Clinical Implications

Beta‐blocker therapy is known to counteract the loss of function of β‐AR signaling by restoring β‐AR density, followed by the restoration of PKA‐mediated phosphorylation.^32–33 In a previous experimental PAH model, rats receiving beta‐blocker therapy showed a significant reduction in RV diastolic stiffness and increase in cTnI and cMyBPC phsophorylation compared with PAH rats receiving placebo. These effects are likely due to reduced neurohormonal activation in PAH rats receiving beta‐blockers, normalization of β‐adrenergic stimulation, and increased PKA‐mediated titin, cTnI, and MyBPC phosphorylation. Although well tolerated in PAH rats, beta‐blockers are currently not recommended in PAH due to possible negative inotropic effects. Nevertheless, based on the beneficial effects of beta‐blockers in PAH experimental models, we have initiated a phase II clinical study to investigate the safety and efficacy of beta‐blocker (Bisoprolol) in patients with PAH (Clinicaltrials.gov identifier: NCT01246037).³² The future results of this study will reveal whether indeed, β‐AR/PKA signaling pathway is a novel therapeutic target for RV diastolic impairment in PAH patients.

Limitations

Efficient diastolic Ca²⁺ clearance is vital for ensuring proper relaxation for the sarcomere; therefore in this study we quantified the expression level of the most important proteins involved in Ca²⁺ handling. However, the functional relevance of these changes was not assessed.

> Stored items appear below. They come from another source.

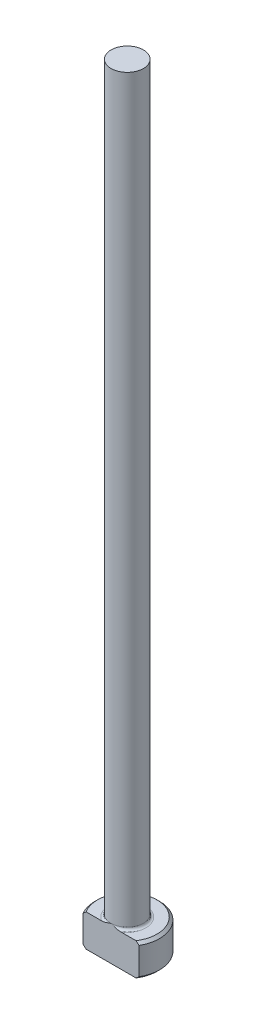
ISO-10303-21;
HEADER;
FILE_DESCRIPTION(('STEP AP214'),'2;1');
FILE_NAME('part.step','',(''),(''),'','','');
FILE_SCHEMA(('AUTOMOTIVE_DESIGN { 1 0 10303 214 1 1 1 1 }'));
ENDSEC;
DATA;
#1=APPLICATION_CONTEXT('core data for automotive mechanical design processes');
#2=APPLICATION_PROTOCOL_DEFINITION('international standard','automotive_design',2000,#1);
#3=PRODUCT_CONTEXT('',#1,'mechanical');
#4=PRODUCT('Part','Part','',(#3));
#5=PRODUCT_RELATED_PRODUCT_CATEGORY('part','',(#4));
#6=PRODUCT_DEFINITION_FORMATION('','',#4);
#7=PRODUCT_DEFINITION_CONTEXT('part definition',#1,'design');
#8=PRODUCT_DEFINITION('design','',#6,#7);
#9=PRODUCT_DEFINITION_SHAPE('','',#8);
#10=(LENGTH_UNIT() NAMED_UNIT(*) SI_UNIT(.MILLI.,.METRE.));
#11=(NAMED_UNIT(*) PLANE_ANGLE_UNIT() SI_UNIT($,.RADIAN.));
#12=(NAMED_UNIT(*) SI_UNIT($,.STERADIAN.) SOLID_ANGLE_UNIT());
#13=UNCERTAINTY_MEASURE_WITH_UNIT(LENGTH_MEASURE(1.E-05),#10,'distance_accuracy_value','');
#14=(GEOMETRIC_REPRESENTATION_CONTEXT(3) GLOBAL_UNCERTAINTY_ASSIGNED_CONTEXT((#13)) GLOBAL_UNIT_ASSIGNED_CONTEXT((#10,
#11,#12)) REPRESENTATION_CONTEXT('',''));
#15=CARTESIAN_POINT('',(0.,0.,0.));
#16=DIRECTION('',(0.,0.,1.));
#17=DIRECTION('',(1.,0.,0.));
#18=AXIS2_PLACEMENT_3D('',#15,#16,#17);
#19=CARTESIAN_POINT('',(0.,0.,0.));
#20=DIRECTION('',(0.,-1.,0.));
#21=DIRECTION('',(0.,0.,-1.));
#22=AXIS2_PLACEMENT_3D('',#19,#20,#21);
#23=PLANE('',#22);
#24=CARTESIAN_POINT('',(0.,0.,0.));
#25=DIRECTION('',(0.,-1.,0.));
#26=DIRECTION('',(0.,0.,-1.));
#27=AXIS2_PLACEMENT_3D('',#24,#25,#26);
#28=CIRCLE('',#27,2.92099999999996);
#29=CARTESIAN_POINT('',(-2.45195529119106,0.,1.58749999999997));
#30=VERTEX_POINT('',#29);
#31=CARTESIAN_POINT('',(2.45195529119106,0.,1.58749999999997));
#32=VERTEX_POINT('',#31);
#33=EDGE_CURVE('E98',#30,#32,#28,.T.);
#34=ORIENTED_EDGE('',*,*,#33,.T.);
#35=DIRECTION('',(-1.,0.,0.));
#36=VECTOR('',#35,1.);
#37=CARTESIAN_POINT('',(-2.74963065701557,0.,1.58749999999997));
#38=LINE('',#37,#36);
#39=EDGE_CURVE('E83',#32,#30,#38,.T.);
#40=ORIENTED_EDGE('',*,*,#39,.T.);
#41=EDGE_LOOP('',(#34,#40));
#42=FACE_BOUND('',#41,.T.);
#43=ADVANCED_FACE('F32',(#42),#23,.T.);
#44=CARTESIAN_POINT('',(0.,259.958771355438,0.));
#45=DIRECTION('',(0.,1.,0.));
#46=DIRECTION('',(0.,0.,1.));
#47=AXIS2_PLACEMENT_3D('',#44,#45,#46);
#48=CYLINDRICAL_SURFACE('',#47,3.17499999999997);
#49=CARTESIAN_POINT('',(0.,2.92099999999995,0.));
#50=DIRECTION('',(0.,1.,0.));
#51=DIRECTION('',(0.,0.,1.));
#52=AXIS2_PLACEMENT_3D('',#49,#50,#51);
#53=CIRCLE('',#52,3.17499999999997);
#54=CARTESIAN_POINT('',(-2.74963065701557,2.92099999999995,1.58749999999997));
#55=VERTEX_POINT('',#54);
#56=CARTESIAN_POINT('',(2.74963065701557,2.92099999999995,1.58749999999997));
#57=VERTEX_POINT('',#56);
#58=EDGE_CURVE('E104',#55,#57,#53,.F.);
#59=ORIENTED_EDGE('',*,*,#58,.T.);
#60=DIRECTION('',(0.,-1.,0.));
#61=VECTOR('',#60,1.);
#62=CARTESIAN_POINT('',(2.74963065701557,76.2,1.58749999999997));
#63=LINE('',#62,#61);
#64=CARTESIAN_POINT('',(2.74963065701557,0.254000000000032,1.58749999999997));
#65=VERTEX_POINT('',#64);
#66=EDGE_CURVE('E183',#57,#65,#63,.T.);
#67=ORIENTED_EDGE('',*,*,#66,.T.);
#68=CARTESIAN_POINT('',(0.,0.254000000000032,0.));
#69=DIRECTION('',(0.,-1.,0.));
#70=DIRECTION('',(0.,0.,-1.));
#71=AXIS2_PLACEMENT_3D('',#68,#69,#70);
#72=CIRCLE('',#71,3.17499999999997);
#73=CARTESIAN_POINT('',(-2.74963065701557,0.254000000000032,1.58749999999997));
#74=VERTEX_POINT('',#73);
#75=EDGE_CURVE('E100',#65,#74,#72,.F.);
#76=ORIENTED_EDGE('',*,*,#75,.T.);
#77=DIRECTION('',(0.,-1.,0.));
#78=VECTOR('',#77,1.);
#79=CARTESIAN_POINT('',(-2.74963065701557,76.2,1.58749999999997));
#80=LINE('',#79,#78);
#81=EDGE_CURVE('E93',#55,#74,#80,.T.);
#82=ORIENTED_EDGE('',*,*,#81,.F.);
#83=EDGE_LOOP('',(#59,#67,#76,#82));
#84=FACE_BOUND('',#83,.T.);
#85=ADVANCED_FACE('F158',(#84),#48,.T.);
#86=CARTESIAN_POINT('',(-3.17499999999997,3.175,0.));
#87=DIRECTION('',(0.,1.,0.));
#88=DIRECTION('',(0.,0.,1.));
#89=AXIS2_PLACEMENT_3D('',#86,#87,#88);
#90=PLANE('',#89);
#91=CARTESIAN_POINT('',(0.,3.175,0.));
#92=DIRECTION('',(0.,1.,0.));
#93=DIRECTION('',(0.,0.,1.));
#94=AXIS2_PLACEMENT_3D('',#91,#92,#93);
#95=CIRCLE('',#94,2.92099999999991);
#96=CARTESIAN_POINT('',(2.45195529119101,3.175,1.58749999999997));
#97=VERTEX_POINT('',#96);
#98=CARTESIAN_POINT('',(-2.45195529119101,3.175,1.58749999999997));
#99=VERTEX_POINT('',#98);
#100=EDGE_CURVE('E178',#97,#99,#95,.T.);
#101=ORIENTED_EDGE('',*,*,#100,.T.);
#102=DIRECTION('',(1.,0.,0.));
#103=VECTOR('',#102,1.);
#104=CARTESIAN_POINT('',(-3.17499999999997,3.175,1.58749999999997));
#105=LINE('',#104,#103);
#106=CARTESIAN_POINT('',(-0.933255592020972,3.17500000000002,1.58749999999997));
#107=VERTEX_POINT('',#106);
#108=EDGE_CURVE('E57',#99,#107,#105,.T.);
#109=ORIENTED_EDGE('',*,*,#108,.T.);
#110=CARTESIAN_POINT('',(0.,3.175,0.));
#111=DIRECTION('',(0.,1.,0.));
#112=DIRECTION('',(0.,0.,1.));
#113=AXIS2_PLACEMENT_3D('',#110,#111,#112);
#114=CIRCLE('',#113,1.84149999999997);
#115=CARTESIAN_POINT('',(0.933255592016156,3.17500000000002,1.58749999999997));
#116=VERTEX_POINT('',#115);
#117=EDGE_CURVE('E107',#107,#116,#114,.F.);
#118=ORIENTED_EDGE('',*,*,#117,.T.);
#119=EDGE_CURVE('E136',#116,#97,#105,.T.);
#120=ORIENTED_EDGE('',*,*,#119,.T.);
#121=EDGE_LOOP('',(#101,#109,#118,#120));
#122=FACE_BOUND('',#121,.T.);
#123=ADVANCED_FACE('F147',(#122),#90,.T.);
#124=CARTESIAN_POINT('',(0.,3.17499999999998,0.));
#125=DIRECTION('',(0.,-1.,0.));
#126=DIRECTION('',(0.,0.,-1.));
#127=AXIS2_PLACEMENT_3D('',#124,#125,#126);
#128=CONICAL_SURFACE('',#127,2.92099999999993,0.78539816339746);
#129=ORIENTED_EDGE('',*,*,#58,.F.);
#130=CARTESIAN_POINT('',(-6.0529050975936,-0.161620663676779,1.58749999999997));
#131=CARTESIAN_POINT('',(-5.91567682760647,-0.028889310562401,1.58749999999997));
#132=CARTESIAN_POINT('',(-5.77831035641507,0.103699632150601,1.58749999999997));
#133=CARTESIAN_POINT('',(-5.50321874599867,0.36850839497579,1.58749999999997));
#134=CARTESIAN_POINT('',(-5.36549360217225,0.500728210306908,1.58749999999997));
#135=CARTESIAN_POINT('',(-5.08953516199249,0.764778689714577,1.58749999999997));
#136=CARTESIAN_POINT('',(-4.95130164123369,0.896609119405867,1.58749999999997));
#137=CARTESIAN_POINT('',(-4.67428233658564,1.15968706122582,1.58749999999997));
#138=CARTESIAN_POINT('',(-4.5354965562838,1.29093457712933,1.58749999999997));
#139=CARTESIAN_POINT('',(-4.2599772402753,1.550077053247,1.58749999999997));
#140=CARTESIAN_POINT('',(-4.12325766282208,1.67798684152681,1.58749999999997));
#141=CARTESIAN_POINT('',(-3.84892898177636,1.9328486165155,1.58749999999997));
#142=CARTESIAN_POINT('',(-3.71131988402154,2.05980060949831,1.58749999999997));
#143=CARTESIAN_POINT('',(-3.43493978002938,2.31237508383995,1.58749999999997));
#144=CARTESIAN_POINT('',(-3.29616903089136,2.4379978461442,1.58749999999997));
#145=CARTESIAN_POINT('',(-3.01699558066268,2.68741369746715,1.58749999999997));
#146=CARTESIAN_POINT('',(-2.8765929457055,2.81120686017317,1.58749999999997));
#147=CARTESIAN_POINT('',(-2.64816703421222,3.0087586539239,1.58749999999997));
#148=CARTESIAN_POINT('',(-2.56087478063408,3.08336151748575,1.58749999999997));
#149=CARTESIAN_POINT('',(-2.38515423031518,3.23123871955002,1.58749999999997));
#150=CARTESIAN_POINT('',(-2.29672582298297,3.30451292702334,1.58749999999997));
#151=CARTESIAN_POINT('',(-2.11747400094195,3.45004422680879,1.58749999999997));
#152=CARTESIAN_POINT('',(-2.02663514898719,3.52228237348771,1.58749999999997));
#153=CARTESIAN_POINT('',(-1.84302524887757,3.664230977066,1.58749999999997));
#154=CARTESIAN_POINT('',(-1.75025467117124,3.73394203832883,1.58749999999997));
#155=CARTESIAN_POINT('',(-1.5606747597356,3.8708063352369,1.58749999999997));
#156=CARTESIAN_POINT('',(-1.46382547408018,3.93790459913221,1.58749999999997));
#157=CARTESIAN_POINT('',(-1.26632594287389,4.06669147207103,1.58749999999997));
#158=CARTESIAN_POINT('',(-1.16567073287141,4.12837264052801,1.58749999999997));
#159=CARTESIAN_POINT('',(-1.01165766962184,4.2140225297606,1.58749999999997));
#160=CARTESIAN_POINT('',(-0.960142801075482,4.24127929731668,1.58749999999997));
#161=CARTESIAN_POINT('',(-0.855780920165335,4.29309798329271,1.58749999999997));
#162=CARTESIAN_POINT('',(-0.802933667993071,4.31765941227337,1.58749999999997));
#163=CARTESIAN_POINT('',(-0.642461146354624,4.38614656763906,1.58749999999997));
#164=CARTESIAN_POINT('',(-0.53251850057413,4.42510149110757,1.58749999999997));
#165=CARTESIAN_POINT('',(-0.367680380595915,4.46726244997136,1.58749999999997));
#166=CARTESIAN_POINT('',(-0.314802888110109,4.47844427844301,1.58749999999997));
#167=CARTESIAN_POINT('',(-0.208209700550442,4.49576654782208,1.58749999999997));
#168=CARTESIAN_POINT('',(-0.154494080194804,4.50190743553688,1.58749999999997));
#169=CARTESIAN_POINT('',(-0.0468792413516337,4.50871296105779,1.58749999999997));
#170=CARTESIAN_POINT('',(0.00701889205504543,4.50939451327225,1.58749999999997));
#171=CARTESIAN_POINT('',(0.114606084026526,4.50527679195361,1.58749999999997));
#172=CARTESIAN_POINT('',(0.168295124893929,4.50047706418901,1.58749999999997));
#173=CARTESIAN_POINT('',(0.274485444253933,4.48579689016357,1.58749999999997));
#174=CARTESIAN_POINT('',(0.326992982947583,4.4759608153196,1.58749999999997));
#175=CARTESIAN_POINT('',(0.430974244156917,4.45181809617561,1.58749999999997));
#176=CARTESIAN_POINT('',(0.482447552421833,4.43750969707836,1.58749999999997));
#177=CARTESIAN_POINT('',(0.584460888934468,4.40502489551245,1.58749999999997));
#178=CARTESIAN_POINT('',(0.634994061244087,4.38682724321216,1.58749999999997));
#179=CARTESIAN_POINT('',(0.73478943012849,4.34729308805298,1.58749999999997));
#180=CARTESIAN_POINT('',(0.784051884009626,4.32595722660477,1.58749999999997));
#181=CARTESIAN_POINT('',(0.93054934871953,4.25791922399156,1.58749999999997));
#182=CARTESIAN_POINT('',(1.02598802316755,4.20736047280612,1.58749999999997));
#183=CARTESIAN_POINT('',(1.21304313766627,4.09955451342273,1.58749999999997));
#184=CARTESIAN_POINT('',(1.30465471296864,4.04229912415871,1.58749999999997));
#185=CARTESIAN_POINT('',(1.48526211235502,3.92308746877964,1.58749999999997));
#186=CARTESIAN_POINT('',(1.57424615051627,3.86111349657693,1.58749999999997));
#187=CARTESIAN_POINT('',(1.7499000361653,3.73408621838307,1.58749999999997));
#188=CARTESIAN_POINT('',(1.83657099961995,3.6690344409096,1.58749999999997));
#189=CARTESIAN_POINT('',(2.0093176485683,3.5358337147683,1.58749999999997));
#190=CARTESIAN_POINT('',(2.09537048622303,3.46765527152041,1.58749999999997));
#191=CARTESIAN_POINT('',(2.26611736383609,3.32960643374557,1.58749999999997));
#192=CARTESIAN_POINT('',(2.3508112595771,3.25973586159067,1.58749999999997));
#193=CARTESIAN_POINT('',(2.60290121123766,3.04858139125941,1.58749999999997));
#194=CARTESIAN_POINT('',(2.76872537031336,2.9054238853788,1.58749999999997));
#195=CARTESIAN_POINT('',(3.06970913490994,2.64069522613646,1.58749999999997));
#196=CARTESIAN_POINT('',(3.20528660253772,2.51959458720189,1.58749999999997));
#197=CARTESIAN_POINT('',(3.475103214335,2.27590400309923,1.58749999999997));
#198=CARTESIAN_POINT('',(3.60934232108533,2.15331401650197,1.58749999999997));
#199=CARTESIAN_POINT('',(3.87695374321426,1.90694239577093,1.58749999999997));
#200=CARTESIAN_POINT('',(4.01032512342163,1.78315974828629,1.58749999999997));
#201=CARTESIAN_POINT('',(4.27630880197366,1.53478104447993,1.58749999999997));
#202=CARTESIAN_POINT('',(4.40892109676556,1.41018498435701,1.58749999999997));
#203=CARTESIAN_POINT('',(4.7949941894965,1.04574684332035,1.58749999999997));
#204=CARTESIAN_POINT('',(5.04767313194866,0.805076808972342,1.58749999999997));
#205=CARTESIAN_POINT('',(5.42550911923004,0.443121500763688,1.58749999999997));
#206=CARTESIAN_POINT('',(5.55118772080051,0.322378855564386,1.58749999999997));
#207=CARTESIAN_POINT('',(5.80225207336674,0.0805914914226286,1.58749999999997));
#208=CARTESIAN_POINT('',(5.92763782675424,-0.0404532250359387,1.58749999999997));
#209=CARTESIAN_POINT('',(6.0529050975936,-0.16162066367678,1.58749999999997));
#210=B_SPLINE_CURVE_WITH_KNOTS('',3,(#130,#131,#132,#133,#134,#135,#136,#137,#138,#139,#140,
#141,#142,#143,#144,#145,#146,#147,#148,#149,#150,#151,#152,#153,#154,#155,#156,#157,#158,#159,
#160,#161,#162,#163,#164,#165,#166,#167,#168,#169,#170,#171,#172,#173,#174,#175,#176,#177,#178,
#179,#180,#181,#182,#183,#184,#185,#186,#187,#188,#189,#190,#191,#192,#193,#194,#195,#196,#197,
#198,#199,#200,#201,#202,#203,#204,#205,#206,#207,#208,#209),.UNSPECIFIED.,.F.,.F.,(4,2,2,2,2,2,
2,2,2,2,2,2,2,2,2,2,2,2,2,2,2,2,2,2,2,2,2,2,2,2,2,2,2,2,2,2,2,2,2,4),(0.,0.57275067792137,
1.14550874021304,1.71856057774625,2.29160869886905,2.85328006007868,3.41494773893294,
3.97649423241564,4.53801804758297,4.88249307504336,5.22700189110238,5.57515326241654,
5.92322081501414,6.27657800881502,6.63041319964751,6.8051812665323,6.97998101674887,
7.32824262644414,7.49018491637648,7.65211285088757,7.81353889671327,7.97497832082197,
8.13501929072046,8.29512313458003,8.4561251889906,8.61709438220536,8.940629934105,
9.26456495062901,9.58978187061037,9.91483894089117,10.2441741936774,10.5735441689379,
11.2306812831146,11.7760337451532,12.3214014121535,12.8672825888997,13.4131663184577,
14.4600164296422,14.9828595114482,15.5056983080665),.UNSPECIFIED.);
#211=EDGE_CURVE('E135',#55,#99,#210,.T.);
#212=ORIENTED_EDGE('',*,*,#211,.T.);
#213=ORIENTED_EDGE('',*,*,#100,.F.);
#214=EDGE_CURVE('E127',#97,#57,#210,.T.);
#215=ORIENTED_EDGE('',*,*,#214,.T.);
#216=EDGE_LOOP('',(#129,#212,#213,#215));
#217=FACE_BOUND('',#216,.T.);
#218=ADVANCED_FACE('F143',(#217),#128,.T.);
#219=CARTESIAN_POINT('',(0.,0.254000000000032,0.));
#220=DIRECTION('',(0.,1.,0.));
#221=DIRECTION('',(0.,0.,1.));
#222=AXIS2_PLACEMENT_3D('',#219,#220,#221);
#223=CONICAL_SURFACE('',#222,3.17499999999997,0.785398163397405);
#224=ORIENTED_EDGE('',*,*,#75,.F.);
#225=CARTESIAN_POINT('',(6.0529050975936,3.3366206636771,1.58749999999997));
#226=CARTESIAN_POINT('',(5.91567682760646,3.2038893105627,1.58749999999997));
#227=CARTESIAN_POINT('',(5.77831035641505,3.07130036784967,1.58749999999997));
#228=CARTESIAN_POINT('',(5.50321874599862,2.80649160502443,1.58749999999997));
#229=CARTESIAN_POINT('',(5.36549360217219,2.67427178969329,1.58749999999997));
#230=CARTESIAN_POINT('',(5.08953516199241,2.41022131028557,1.58749999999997));
#231=CARTESIAN_POINT('',(4.9513016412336,2.27839088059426,1.58749999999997));
#232=CARTESIAN_POINT('',(4.67428233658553,2.01531293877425,1.58749999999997));
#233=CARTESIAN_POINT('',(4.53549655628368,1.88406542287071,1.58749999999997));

Functional relevance can only be determined in freshly harvested myocardial tissue/whole hearts, usually from animal models where changes in protein levels are consequently related to the functional data. In our study we used human myocardial tissue preserved by freezing, which did not alter the protein level and phosphorylation status, however made functional assessments impossible. Nevertheless, previous animal model studies show a clear relation between expression levels and function of Ca²⁺‐handling proteins; therefore we speculate that this is also the case in our study.¹³

There are several other mechanisms, which regulate diastolic dysfunction such as: increased radical oxygen species production, T‐tubules loss, or disorganization of cardiomyocyte cytoarchitecture. Although important for diastolic function, this study only focused on the cardiomyocyte stiffness, myofilament Ca²⁺ sensitivity, and altered Ca²⁺‐clearance protein levels.³⁴

Conclusions

The present study provides novel insight into the molecular mechanism underlying RV diastolic impairment in patients with PAH. We observed that reduced PKA‐mediated phosphorylation of the giant sarcomeric protein titin contributed significantly to RV cardiomyocyte stiffness. In addition, phosphorylation of the sarcomeric protein cTnI was significantly reduced in PAH. Finally, reduced PLN phosphorylation and SERCA2a protein levels may indicate altered diastolic Ca²⁺ clearance.